Exercise inputs below:

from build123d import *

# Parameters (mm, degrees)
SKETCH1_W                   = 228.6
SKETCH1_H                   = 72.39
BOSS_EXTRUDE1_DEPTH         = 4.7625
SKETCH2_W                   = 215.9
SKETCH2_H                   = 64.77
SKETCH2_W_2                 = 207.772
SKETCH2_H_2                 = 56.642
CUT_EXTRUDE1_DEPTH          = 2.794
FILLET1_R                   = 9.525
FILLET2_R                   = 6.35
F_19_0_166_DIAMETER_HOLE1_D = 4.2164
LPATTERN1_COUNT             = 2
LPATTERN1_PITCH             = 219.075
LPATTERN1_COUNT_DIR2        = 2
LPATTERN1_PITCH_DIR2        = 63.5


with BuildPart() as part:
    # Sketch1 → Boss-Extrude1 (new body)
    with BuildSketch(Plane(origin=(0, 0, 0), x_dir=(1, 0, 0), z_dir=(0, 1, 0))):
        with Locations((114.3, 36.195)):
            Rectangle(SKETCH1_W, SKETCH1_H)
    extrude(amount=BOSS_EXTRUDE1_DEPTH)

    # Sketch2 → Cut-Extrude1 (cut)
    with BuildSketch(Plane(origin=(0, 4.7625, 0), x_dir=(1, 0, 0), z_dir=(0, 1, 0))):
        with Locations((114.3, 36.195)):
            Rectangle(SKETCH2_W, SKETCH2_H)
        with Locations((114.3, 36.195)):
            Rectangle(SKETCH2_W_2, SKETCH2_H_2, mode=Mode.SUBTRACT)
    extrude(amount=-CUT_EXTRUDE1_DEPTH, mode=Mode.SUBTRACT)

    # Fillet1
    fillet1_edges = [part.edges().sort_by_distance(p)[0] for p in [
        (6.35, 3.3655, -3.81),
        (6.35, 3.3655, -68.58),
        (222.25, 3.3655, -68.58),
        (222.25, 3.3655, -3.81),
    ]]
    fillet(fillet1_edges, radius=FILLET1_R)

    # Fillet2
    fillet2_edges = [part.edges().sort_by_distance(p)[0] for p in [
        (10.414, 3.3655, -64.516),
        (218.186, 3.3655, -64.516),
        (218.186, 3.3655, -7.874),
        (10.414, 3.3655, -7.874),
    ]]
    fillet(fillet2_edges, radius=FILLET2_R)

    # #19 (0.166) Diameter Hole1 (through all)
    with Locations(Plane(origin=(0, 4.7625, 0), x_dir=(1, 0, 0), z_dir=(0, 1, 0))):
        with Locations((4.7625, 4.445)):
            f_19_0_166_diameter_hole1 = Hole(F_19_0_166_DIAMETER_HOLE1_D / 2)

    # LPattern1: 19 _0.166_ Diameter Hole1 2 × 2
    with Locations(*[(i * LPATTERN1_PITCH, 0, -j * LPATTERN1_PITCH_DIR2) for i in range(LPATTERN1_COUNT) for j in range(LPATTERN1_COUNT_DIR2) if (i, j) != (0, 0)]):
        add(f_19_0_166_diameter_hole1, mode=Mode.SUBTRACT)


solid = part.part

End of Exercise inputs.

### What the task requires
Write the line containing "fillet2_edges = [part.edges().sort_by_distance(p)[0]" and all the lines after it out again, word for word, through the end of the material, and nothing besides.

### Written response
    fillet2_edges = [part.edges().sort_by_distance(p)[0] for p in [
        (10.414, 3.3655, -64.516),
        (218.186, 3.3655, -64.516),
        (218.186, 3.3655, -7.874),
        (10.414, 3.3655, -7.874),
    ]]
    fillet(fillet2_edges, radius=FILLET2_R)

    # #19 (0.166) Diameter Hole1 (through all)
    with Locations(Plane(origin=(0, 4.7625, 0), x_dir=(1, 0, 0), z_dir=(0, 1, 0))):
        with Locations((4.7625, 4.445)):
            f_19_0_166_diameter_hole1 = Hole(F_19_0_166_DIAMETER_HOLE1_D / 2)

    # LPattern1: 19 _0.166_ Diameter Hole1 2 × 2
    with Locations(*[(i * LPATTERN1_PITCH, 0, -j * LPATTERN1_PITCH_DIR2) for i in range(LPATTERN1_COUNT) for j in range(LPATTERN1_COUNT_DIR2) if (i, j) != (0, 0)]):
        add(f_19_0_166_diameter_hole1, mode=Mode.SUBTRACT)


solid = part.part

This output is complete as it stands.